Aim of the task: Transcribe the records word for word, beginning with the first line and ending with the line that contains "settings DataIOCC: SignalLoggingName=sigsOut"; include nothing else.

————————

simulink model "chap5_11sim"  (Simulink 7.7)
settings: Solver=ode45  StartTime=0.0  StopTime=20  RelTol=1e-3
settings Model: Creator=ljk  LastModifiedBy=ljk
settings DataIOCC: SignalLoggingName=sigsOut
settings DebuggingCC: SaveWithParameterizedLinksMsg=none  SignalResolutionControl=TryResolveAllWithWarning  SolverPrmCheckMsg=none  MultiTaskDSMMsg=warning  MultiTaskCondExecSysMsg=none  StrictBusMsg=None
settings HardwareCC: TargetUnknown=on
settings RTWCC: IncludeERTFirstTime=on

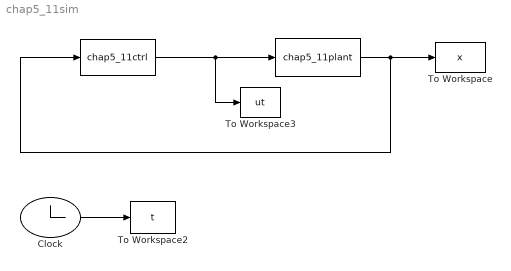
== system chap5_11sim ==
  "  " : S-Function  FunctionName=chap5_11plant  EnableBusSupport=off
  "    " : S-Function  FunctionName=chap5_11ctrl  EnableBusSupport=off
  Clock : Clock
      settings: Decimation=10
  To Workspace : ToWorkspace  VariableName=x  SampleTime=-1  SaveFormat=Array
  To Workspace2 : ToWorkspace  VariableName=t  SampleTime=-1  SaveFormat=Array
  To Workspace3 : ToWorkspace  VariableName=ut  SampleTime=-1  SaveFormat=Array
  wires:
  "  "/1 -> To Workspace/1, "    "/1
  "    "/1 -> To Workspace3/1, "  "/1
  Clock/1 -> To Workspace2/1

————————

Output for this task:
simulink model "chap5_11sim"  (Simulink 7.7)
settings: Solver=ode45  StartTime=0.0  StopTime=20  RelTol=1e-3
settings Model: Creator=ljk  LastModifiedBy=ljk
settings DataIOCC: SignalLoggingName=sigsOut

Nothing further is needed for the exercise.